Besides the increased resource consumption presented in Fig. 4.12, the reduced frequency reuse also results in increased service delays mainly because of more retransmissions caused by increased interference levels, and users selecting higher coverage classes. Fig. 4.13 and 4.14 illustrate the impact on the time to successfully transmit a device autonomous report and on the time to transmit a downlink application acknowledgment once a connection has been established, including EC-PACCH and EC-PDTCH transmission times and thereto associated delays. Here a 33
dBm device is studied. The uplink and downlink packet sizes follows the characteristics specified in Section 4.6.1. The impact when going from 2.4 to 1.8
MHz is negligible for both cases. When taking a further step to 600
kHz the impact becomes more accentuated but is still acceptable for the type of services EC-GSM-IoT targets.
4.9. Positioning
Multiple methods for positioning of devices in the network has been described in Section 3.4.1. In this section, the multilateration method is evaluated.
The positioning accuracy has been evaluated [12] by system simulations, modeling, for example, the SINR dependent synchronization accuracy.
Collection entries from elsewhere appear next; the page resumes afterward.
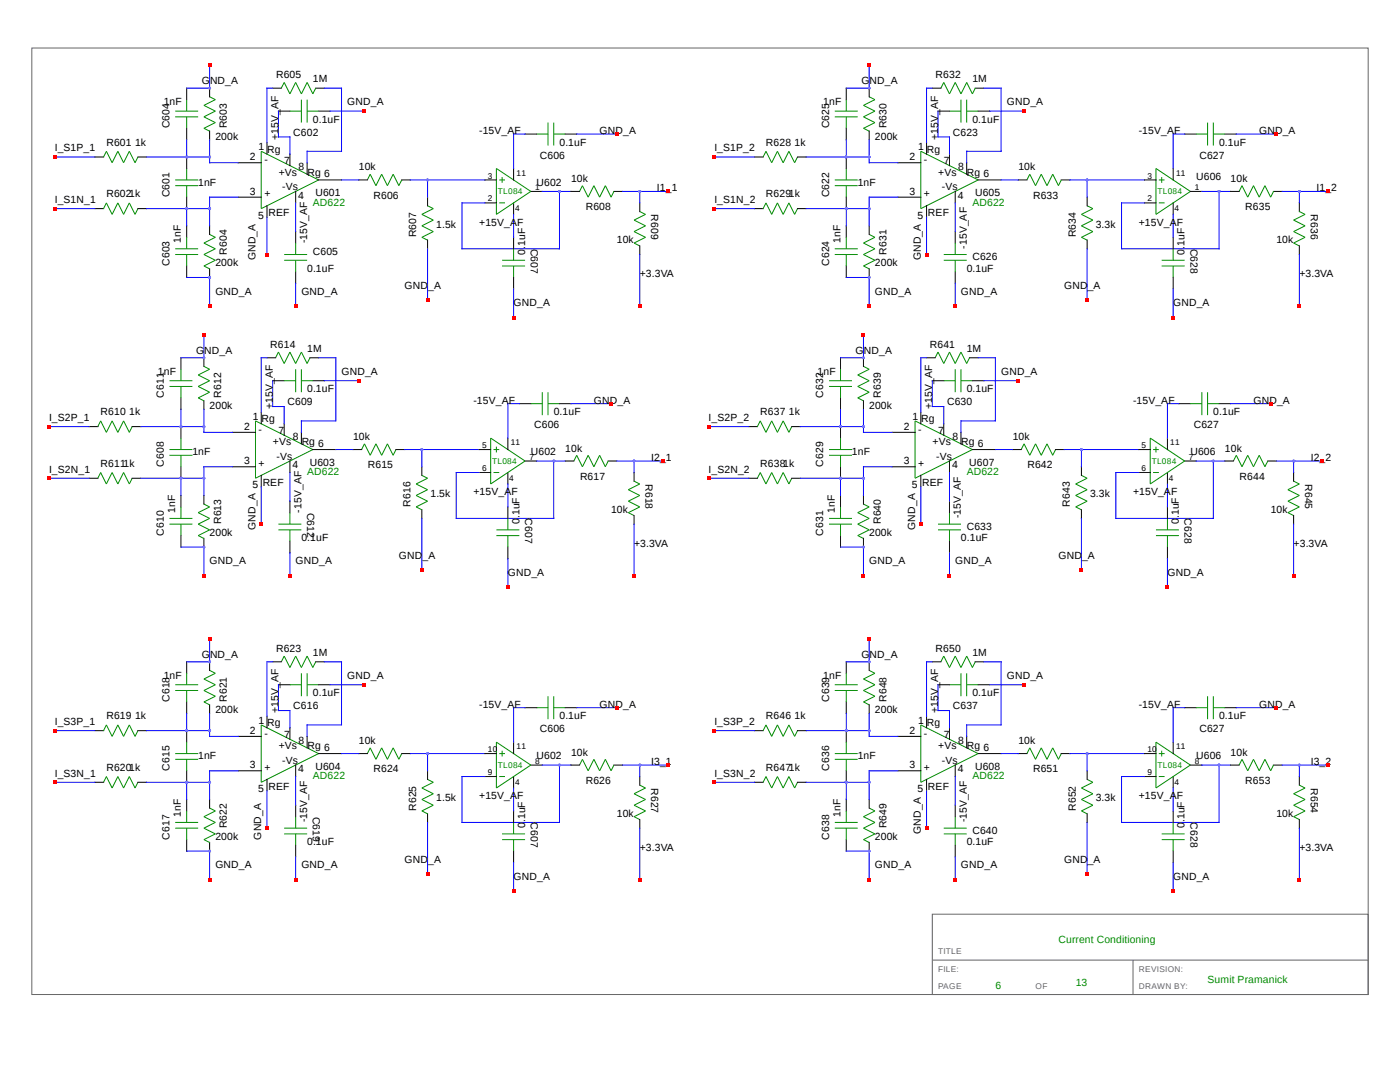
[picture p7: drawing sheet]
<svg xmlns="http://www.w3.org/2000/svg" width="279mm" height="216mm" viewBox="0 0 279 216" stroke-linecap="round" stroke-linejoin="round" font-family="sans-serif">
<g fill="none" stroke="#008b00" stroke-width=".2">
<path d="M37.3 19.9v2.3M41.8 19.3l1.2 .6-2.3 1.1 2.3 1.2-2.3 1.1 2.3 1.2-2.3 1.1 1.1 .6M56.1 17.6l.6-1.2 1.2 2.3 1.1-2.3 1.1 2.3 1.2-2.3 1.1 2.3 .6-1.1M60.1 19.9v4.6M61.3 19.9v4.6M168.9 19.9v2.3M173.5 19.3l1.1 .6-2.3 1.1 2.3 1.2-2.3 1.1 2.3 1.2-2.3 1.1 1.2 .6M187.8 17.6l.5-1.2 1.2 2.3 1.1-2.3 1.2 2.3 1.1-2.3 1.2 2.3M191.8 19.9v4.6M192.9 19.9v4.6M194.6 17.6l-.5 1.1M20.7 31.3l.5-1.1 1.2 2.3 1.1-2.3 1.2 2.3 1.1-2.3 1.2 2.3 .5-1.2"/>
<path d="M35 37.1h4.5M35 35.9h4.5M35 22.2h4.5M35 23.3h4.5M37.3 23.3v2.3M37.3 33.6v2.3M37.3 37.1v2.2M52.1 30.2l11.5 5.7-11.5 5.7zM57.9 22.2h2.2M61.3 22.2h2.3M73.3 35.9l.6-1.1 1.1 2.3 1.2-2.3 1.1 2.3 1.2-2.3 1.1 2.3M80.2 35.9l-.6 1.2"/>
<path d="M99.1 33.6l6.8 4.6-6.8 4.6zM99.6 35.9h1.2M100.2 35.3v1.2M107.1 26.8h2.3M109.4 24.5v4.5M110.5 24.5v4.5M110.5 26.8h2.3M115.7 38.2l.5-1.1 1.2 2.2 1.1-2.2 1.2 2.2 1.1-2.2 1.2 2.2 .5-1.1M152.3 31.3l.6-1.1 1.1 2.3 1.2-2.3 1.1 2.3 1.1-2.3 1.2 2.3 .6-1.2M166.6 37.1h4.6M166.6 35.9h4.6M166.6 22.2h4.6"/>
<path d="M166.6 23.3h4.6M168.9 23.3v2.3M168.9 33.6v2.3M168.9 37.1v2.2M183.8 30.2l11.4 5.7-11.4 5.7zM189.5 22.2h2.3M192.9 22.2h2.3M204.9 35.9l.6-1.1 1.2 2.3 1.1-2.3 1.2 2.3 1.1-2.3 1.1 2.3 .6-1.2M230.7 33.6l6.9 4.6-6.9 4.6zM231.3 35.9h1.1M231.8 35.3v1.2M238.7 26.8h2.3"/>
<path d="M241 24.5v4.5M242.1 26.8h2.3M242.1 24.5v4.5M247.3 38.2l.6-1.1 1.1 2.2 1.2-2.2 1.1 2.2 1.1-2.2 1.2 2.2M254.2 38.2l-.6 1.1M20.7 41.6l.5-1.1 1.2 2.3 1.1-2.3 1.2 2.3 1.1-2.3 1.2 2.3 .5-1.2M35 50.8h4.5M35 49.6h4.5M37.3 47.4v2.2M37.3 50.8v2.3M41.8 46.8l1.2 .6-2.3 1.1 2.3 1.1-2.3 1.2 2.3 1.1-2.3 1.2 1.1 .5M56.7 50.8h4.6"/>
<path d="M56.7 51.9h4.6M59 48.5v2.3M59 51.9v2.3M85.3 41.1l1.2 .5-2.3 1.2 2.3 1.1-2.3 1.2 2.3 1.1-2.3 1.2 1.1 .5M99.6 40.5h1.2M100.2 51.9h4.6M100.2 53.1h4.6M102.5 49.6v2.3M102.5 53.1v2.3M127.7 42.2l1.1 .6M128.8 42.8l-2.3 1.1 2.3 1.2-2.3 1.1 2.3 1.2-2.3 1.1 1.2 .6M152.3 41.6l.6-1.1 1.1 2.3 1.2-2.3 1.1 2.3 1.1-2.3 1.2 2.3 .6-1.2"/>
<path d="M166.6 50.8h4.6M166.6 49.6h4.6M168.9 47.4v2.2M168.9 50.8v2.3M173.5 46.8l1.1 .6-2.3 1.1 2.3 1.1-2.3 1.2 2.3 1.1-2.3 1.2 1.2 .5M188.3 50.8h4.6M188.3 51.9h4.6M190.6 48.5v2.3M190.6 51.9v2.3M217 41.1l1.1 .5-2.3 1.2 2.3 1.1-2.3 1.2 2.3 1.1-2.3 1.2 1.2 .5M231.3 40.5h1.1M231.8 51.9h4.6"/>
<path d="M231.8 53.1h4.6M234.1 49.6v2.3M234.1 53.1v2.3M259.3 42.2l1.2 .6M260.5 42.8l-2.3 1.1 2.3 1.2-2.3 1.1 2.3 1.2-2.3 1.1 1.1 .6M33.8 76h4.6M33.8 77.1h4.6M36.1 73.7v2.3M36.1 77.1v2.3M40.7 73.1l1.1 .6-2.3 1.1 2.3 1.2-2.3 1.1 2.3 1.2-2.3 1.1 1.2 .6M55 71.4l.6-1.2 1.1 2.3 1.2-2.3 1.1 2.3 1.1-2.3 1.2 2.3 .6-1.1M56.7 76h2.3"/>
<path d="M59 73.7v4.6M60.1 73.7v4.6M60.1 76h2.3M108.2 78.3v4.5M109.4 78.3v4.5M165.5 76h4.5M165.5 77.1h4.5M167.7 73.7v2.3M167.7 77.1v2.3M172.3 73.1l1.2 .6-2.3 1.1 2.3 1.2-2.3 1.1 2.3 1.2-2.3 1.1 1.1 .6M186.6 71.4l.6-1.2 1.1 2.3 1.2-2.3 1.1 2.3 1.2-2.3 1.1 2.3 .6-1.1M188.3 76h2.3"/>
<path d="M190.6 73.7v4.6M191.8 76h2.3M191.8 73.7v4.6M239.9 78.3v4.5M241 78.3v4.5M19.5 85.1l.6-1.1 1.1 2.3 1.2-2.3 1.1 2.3 1.2-2.3 1.1 2.3 .6-1.2M19.5 95.4l.6-1.1 1.1 2.3 1.2-2.3 1.1 2.3 1.2-2.3 1.1 2.3 .6-1.2M33.8 90.8h4.6M33.8 89.7h4.6M36.1 87.4v2.3M36.1 90.8v2.3M51 84l11.4 5.7-11.4 5.7z"/>
<path d="M72.2 89.7l.5-1.1 1.2 2.2 1.1-2.2 1.2 2.2 1.1-2.2 1.2 2.2M79 89.7l-.5 1.1M84.2 94.9l1.1 .5-2.3 1.2 2.3 1.1-2.3 1.2 2.3 1.1-2.3 1.2 1.2 .5M97.9 87.4l6.9 4.6-6.9 4.6zM98.5 89.7h1.1M98.5 94.3h1.1M99.1 89.1v1.2M105.9 80.5h2.3M109.4 80.5h2.3M114.5 92l.6-1.2 1.1 2.3 1.2-2.3 1.1 2.3 1.2-2.3 1.1 2.3 .6-1.1M126.5 96l1.2 .6-2.3 1.1 2.3 1.2-2.3 1.1 2.3 1.2-2.3 1.1 1.1 .6M151.1 85.1l.6-1.1 1.2 2.3 1.1-2.3 1.2 2.3 1.1-2.3 1.1 2.3 .6-1.2"/>
<path d="M151.1 95.4l.6-1.1 1.2 2.3 1.1-2.3 1.2 2.3 1.1-2.3 1.1 2.3 .6-1.2M165.5 90.8h4.5M165.5 89.7h4.5M167.7 87.4v2.3M167.7 90.8v2.3M182.6 84l11.5 5.7-11.5 5.7zM203.8 89.7l.6-1.1 1.1 2.2 1.2-2.2 1.1 2.2 1.2-2.2 1.1 2.2 .6-1.1M215.8 94.9l1.2 .5-2.3 1.2 2.3 1.1-2.3 1.2 2.3 1.1-2.3 1.2 1.1 .5M229.6 87.4l6.8 4.6-6.8 4.6zM230.1 89.7h1.2M230.1 94.3h1.2M230.7 89.1v1.2"/>
<path d="M237.6 80.5h2.3M241 80.5h2.3M246.2 92l.5-1.2 1.2 2.3 1.1-2.3 1.2 2.3 1.1-2.3 1.1 2.3 .6-1.1M258.2 96l1.1 .6-2.3 1.1 2.3 1.2-2.3 1.1 2.3 1.2-2.3 1.1 1.2 .6M33.8 104.6h4.6M33.8 103.4h4.6M36.1 101.2v2.2M36.1 104.6v2.3M40.7 100.6l1.1 .6-2.3 1.1 2.3 1.1-2.3 1.2 2.3 1.1-2.3 1.2 1.2 .5M55.6 104.6h4.5M55.6 105.7h4.5M57.9 102.3v2.3"/>
<path d="M57.9 105.7v2.3M99.1 105.7h4.5M99.1 106.9h4.5M101.4 103.4v2.3M101.4 106.9v2.3M165.5 104.6h4.5M165.5 103.4h4.5M167.7 101.2v2.2M167.7 104.6v2.3M172.3 100.6l1.2 .6-2.3 1.1 2.3 1.1-2.3 1.2 2.3 1.1-2.3 1.2 1.1 .5M187.2 104.6h4.6M187.2 105.7h4.6"/>
<path d="M189.5 102.3v2.3M189.5 105.7v2.3M230.7 105.7h4.6M230.7 106.9h4.6M233 103.4v2.3M233 106.9v2.3M35 136.6h4.5M35 137.8h4.5M37.3 134.3v2.3M37.3 137.8v2.3M41.8 133.8l1.2 .5-2.3 1.2 2.3 1.1-2.3 1.2 2.3 1.1-2.3 1.2 1.1 .5M56.1 132.1l.6-1.2 1.2 2.3 1.1-2.3 1.1 2.3 1.2-2.3 1.1 2.3 .6-1.1"/>
<path d="M57.9 136.6h2.2M60.1 134.3v4.6M61.3 134.3v4.6M61.3 136.6h2.3M109.4 138.9v4.6M110.5 138.9v4.6M166.6 136.6h4.6M166.6 137.8h4.6M168.9 134.3v2.3M168.9 137.8v2.3M173.5 133.8l1.1 .5-2.3 1.2 2.3 1.1-2.3 1.2 2.3 1.1-2.3 1.2 1.2 .5M187.8 132.1l.5-1.2 1.2 2.3 1.1-2.3 1.2 2.3 1.1-2.3 1.2 2.3"/>
<path d="M189.5 136.6h2.3M191.8 134.3v4.6M192.9 136.6h2.3M192.9 134.3v4.6M194.6 132.1l-.5 1.1M241 138.9v4.6M242.1 138.9v4.6M20.7 145.8l.5-1.2 1.2 2.3 1.1-2.3 1.2 2.3 1.1-2.3 1.2 2.3 .5-1.1M20.7 156.1l.5-1.2 1.2 2.3 1.1-2.3 1.2 2.3 1.1-2.3 1.2 2.3 .5-1.1M35 151.5h4.5M35 150.4h4.5M37.3 148.1v2.3"/>
<path d="M37.3 151.5v2.3M52.1 144.6l11.5 5.8-11.5 5.7zM73.3 150.4l.6-1.2 1.1 2.3 1.2-2.3 1.1 2.3 1.2-2.3 1.1 2.3M80.2 150.4l-.6 1.1M85.3 155.5l1.2 .6-2.3 1.1 2.3 1.2-2.3 1.1 2.3 1.2-2.3 1.1 1.1 .6M99.1 148.1l6.8 4.6-6.8 4.5zM99.6 150.4h1.2M99.6 154.9h1.2M100.2 149.8v1.1M107.1 141.2h2.3M110.5 141.2h2.3M115.7 152.7l.5-1.2 1.2 2.3 1.1-2.3 1.2 2.3 1.1-2.3 1.2 2.3 .5-1.1"/>
<path d="M127.7 156.7l1.1 .5-2.3 1.2 2.3 1.1-2.3 1.2 2.3 1.1-2.3 1.2 1.2 .5M152.3 145.8l.6-1.2 1.1 2.3 1.2-2.3 1.1 2.3 1.1-2.3 1.2 2.3 .6-1.1M152.3 156.1l.6-1.2 1.1 2.3 1.2-2.3 1.1 2.3 1.1-2.3 1.2 2.3 .6-1.1M166.6 151.5h4.6M166.6 150.4h4.6M168.9 148.1v2.3M168.9 151.5v2.3M183.8 144.6l11.4 5.8-11.4 5.7zM204.9 150.4l.6-1.2 1.2 2.3 1.1-2.3 1.2 2.3 1.1-2.3 1.1 2.3 .6-1.1M217 155.5l1.1 .6-2.3 1.1 2.3 1.2-2.3 1.1 2.3 1.2-2.3 1.1 1.2 .6M230.7 148.1l6.9 4.6-6.9 4.5zM231.3 150.4h1.1"/>
<path d="M231.3 154.9h1.1M231.8 149.8v1.1M238.7 141.2h2.3M242.1 141.2h2.3M247.3 152.7l.6-1.2 1.1 2.3 1.2-2.3 1.1 2.3 1.1-2.3 1.2 2.3M254.2 152.7l-.6 1.1M259.3 156.7l1.2 .5-2.3 1.2 2.3 1.1-2.3 1.2 2.3 1.1-2.3 1.2 1.1 .5M35 165.3h4.5M35 164.1h4.5M37.3 161.8v2.3M37.3 165.3v2.2M41.8 161.2l1.2 .6-2.3 1.2 2.3 1.1-2.3 1.2 2.3 1.1-2.3 1.1 1.1 .6"/>
<path d="M56.7 165.3h4.6M56.7 166.4h4.6M59 163v2.3M59 166.4v2.3M100.2 166.4h4.6M100.2 167.5h4.6M102.5 164.1v2.3M102.5 167.5v2.3M166.6 165.3h4.6M166.6 164.1h4.6M168.9 161.8v2.3M168.9 165.3v2.2"/>
<path d="M173.5 161.2l1.1 .6-2.3 1.2 2.3 1.1-2.3 1.2 2.3 1.1-2.3 1.1 1.2 .6M188.3 165.3h4.6M188.3 166.4h4.6M190.6 163v2.3M190.6 166.4v2.3M231.8 166.4h4.6M231.8 167.5h4.6M234.1 164.1v2.3M234.1 167.5v2.3"/>
</g>
<g fill="none" stroke="#000" stroke-width=".2">
<path d="M37.3 17.6v2.3M41.8 17.6v1.7M54.4 17.6h1.7M63 17.6h1.7M168.9 17.6v2.3M173.5 17.6v1.7M186.1 17.6h1.7M194.6 17.6h1.8M18.9 31.3h1.8M27.5 31.3h1.7M37.3 25.6v2.3M37.3 31.3v2.3"/>
<path d="M37.3 39.3v2.3M41.8 26.2v1.7M47.6 32.5h4.5M47.6 39.3h4.5M53.3 28.5v2.3M55.6 22.2h2.3M57.9 30.8v2.2M59 38.2v2.3M61.3 32.5v2.3M63.6 35.9h4.6M63.6 22.2h2.3M71.6 35.9h1.7"/>
<path d="M80.2 35.9h1.7M85.3 39.3v1.8M96.8 35.9h2.3M102.5 33.6v2.3M104.8 26.8h2.3M105.9 38.2h2.3M112.8 26.8h2.3M113.9 38.2h1.8M122.5 38.2h1.7M150.6 31.3h1.7M159.2 31.3h1.7M168.9 25.6v2.3"/>
<path d="M168.9 31.3v2.3M168.9 39.3v2.3M173.5 26.2v1.7M179.2 32.5h4.6M179.2 39.3h4.6M184.9 28.5v2.3M187.2 22.2h2.3M189.5 30.8v2.2M190.6 38.2v2.3M192.9 32.5v2.3M195.2 35.9h4.6M195.2 22.2h2.3"/>
<path d="M203.2 35.9h1.7M211.8 35.9h1.7M217 39.3v1.8M228.4 35.9h2.3M234.1 33.6v2.3M236.4 26.8h2.3M237.6 38.2h2.3M244.4 26.8h2.3M245.6 38.2h1.7M254.1 38.2h1.8M18.9 41.6h1.8M27.5 41.6h1.7"/>
<path d="M37.3 45.1v2.3M37.3 53.1v2.3M41.8 45.1v1.7M41.8 53.6v1.8M53.3 41.1v2.2M59 46.2v2.3M59 54.2v2.3M85.3 47.9v1.7M96.8 40.5h2.3M102.5 40.5v2.3M102.5 47.4v2.2M102.5 55.4v2.3"/>
<path d="M127.7 40.5v1.7M127.7 49.1v1.7M150.6 41.6h1.7M159.2 41.6h1.7M168.9 45.1v2.3M168.9 53.1v2.3M173.5 45.1v1.7M173.5 53.6v1.8M184.9 41.1v2.2M190.6 46.2v2.3M190.6 54.2v2.3M217 47.9v1.7"/>
<path d="M228.4 40.5h2.3M234.1 40.5v2.3M234.1 47.4v2.2M234.1 55.4v2.3M259.3 40.5v1.7M259.3 49.1v1.7M36.1 71.4v2.3M36.1 79.4v2.3M40.7 71.4v1.7M40.7 80v1.7M53.3 71.4h1.7M54.4 76h2.3"/>
<path d="M61.8 71.4h1.8M62.4 76h2.3M167.7 71.4v2.3M167.7 79.4v2.3M172.3 71.4v1.7M172.3 80v1.7M184.9 71.4h1.7M186.1 76h2.2M193.5 71.4h1.7M194.1 76h2.3M17.8 85.1h1.7M17.8 95.4h1.7"/>
<path d="M26.4 85.1h1.7M26.4 95.4h1.7M36.1 85.1v2.3M36.1 93.1v2.3M36.1 98.9v2.3M40.7 98.9v1.7M46.4 86.3h4.6M46.4 93.1h4.6M52.1 82.3v2.3M52.1 94.9v2.2M56.7 84.6v2.2M57.9 92v2.3"/>
<path d="M60.1 86.3v2.3M62.4 89.7h4.6M70.4 89.7h1.8M79 89.7h1.8M84.2 93.1v1.8M95.6 89.7h2.3M95.6 94.3h2.3M101.4 87.4v2.3M101.4 94.3v2.3M103.6 80.5h2.3M104.8 92h2.3M111.7 80.5h2.2"/>
<path d="M112.8 92h1.7M121.4 92h1.7M126.5 94.3v1.7M149.4 85.1h1.8M149.4 95.4h1.8M158 85.1h1.7M158 95.4h1.7M167.7 85.1v2.3M167.7 93.1v2.3M167.7 98.9v2.3M172.3 98.9v1.7M178 86.3h4.6"/>
<path d="M178 93.1h4.6M183.8 82.3v2.3M183.8 94.9v2.2M188.3 84.6v2.2M189.5 92v2.3M191.8 86.3v2.3M194.1 89.7h4.5M202.1 89.7h1.7M210.6 89.7h1.8M215.8 93.1v1.8M227.3 89.7h2.3M227.3 94.3h2.3"/>
<path d="M233 87.4v2.3M233 94.3v2.3M235.3 80.5h2.3M236.4 92h2.3M243.3 80.5h2.3M244.4 92h1.8M253 92h1.7M258.2 94.3v1.7M36.1 106.9v2.3M40.7 107.4v1.8M57.9 100v2.3M57.9 108v2.3"/>
<path d="M84.2 101.7v1.7M101.4 101.2v2.2M101.4 109.2v2.3M126.5 102.9v1.7M167.7 106.9v2.3M172.3 107.4v1.8M189.5 100v2.3M189.5 108v2.3M215.8 101.7v1.7M233 101.2v2.2M233 109.2v2.3M258.2 102.9v1.7"/>
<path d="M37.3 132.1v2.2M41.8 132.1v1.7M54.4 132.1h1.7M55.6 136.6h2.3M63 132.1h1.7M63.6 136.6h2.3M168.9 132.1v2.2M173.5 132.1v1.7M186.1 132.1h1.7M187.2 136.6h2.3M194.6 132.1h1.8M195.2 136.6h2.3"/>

The results are presented in Fig. 4.15. For the multilateration case, three base stations are used in the positioning attempt. It can be noted that the more base stations that are used, the better the accuracy, but also the more energy will be consumed by the device. From the figure it is seen that the most suitable method is where the device selects the base stations (based on descending SINR), excluding cells that are co-sited (legend: “NW guided sel.”). It should be noted that another method could be the optimal one for another number of base stations used in the positioning attempt [12].